Enhanced Federated Deep Multi-View Clustering under Uncertainty Scenario
Bingjun Wei, Xuemei Cao, Jiafen Liu, Haoyang Liang, Xin Yang
TL;DR
This work tackles uncertainty in federated deep multi-view clustering caused by heterogeneous and incomplete client views. It introduces EFDMVC, a framework that jointly aligns local semantics, performs hierarchical cross-view contrastive fusion, compensates model drift, and balances cross-client aggregation to stabilize learning under arbitrary view subsets. Key contributions include consensus pre-training for feature alignment, multi-level contrastive fusion across full/partial/single views, a drift compensation term, and an uncertainty-aware aggregation scheme, all evaluated under IID and Non-IID regimes.
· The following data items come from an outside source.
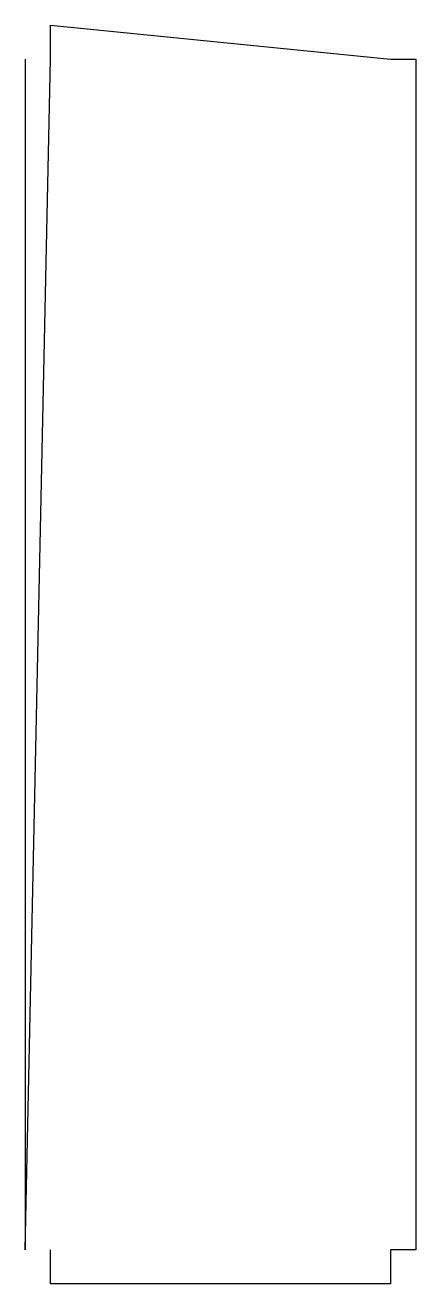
# Model space of a CAD drawing. Extents: x -69 to 0, y 0 to 222.
import ezdxf

# ---------------------------------------------------------------- set-up
doc = ezdxf.new("R2010")
doc.units = 0

msp = doc.modelspace()

# ---------------------------------------------------------------- linework, layer by layer
at = {"layer": 'layer0'}
msp.add_polyline3d([(-69, 216, -3), (-69, 6, -3), (-64.5, 216, -3), (-64.5, 222, -3), (-64.5, 222, -3), (-4.5, 216, -3), (0, 216, -3), (0, 216, -3), (0, 6, -3), (-4.5, 6, -3), (-4.5, 0, -3), (-64.5, 0, -3), (-64.5, 6, -3)], dxfattribs=at)

doc.saveas('drawing.dxf')

Experiments on six datasets show robust gains over state-of-the-art baselines, indicating EFDMVC's potential for privacy-preserving, scalable clustering in distributed real-world settings.
Abstract
Traditional Federated Multi-View Clustering assumes uniform views across clients, yet practical deployments reveal heterogeneous view completeness with prevalent incomplete, redundant, or corrupted data. While recent approaches model view heterogeneity, they neglect semantic conflicts from dynamic view combinations, failing to address dual uncertainties: view uncertainty (semantic inconsistency from arbitrary view pairings) and aggregation uncertainty (divergent client updates with imbalanced contributions). To address these, we propose a novel Enhanced Federated Deep Multi-View Clustering framework: first align local semantics, hierarchical contrastive fusion within clients resolves view uncertainty by eliminating semantic conflicts; a view adaptive drift module mitigates aggregation uncertainty through global-local prototype contrast that dynamically corrects parameter deviations; and a balanced aggregation mechanism coordinates client updates. Experimental results demonstrate that EFDMVC achieves superior robustness against heterogeneous uncertain views across multiple benchmark datasets, consistently outperforming all state-of-the-art baselines in comprehensive evaluations.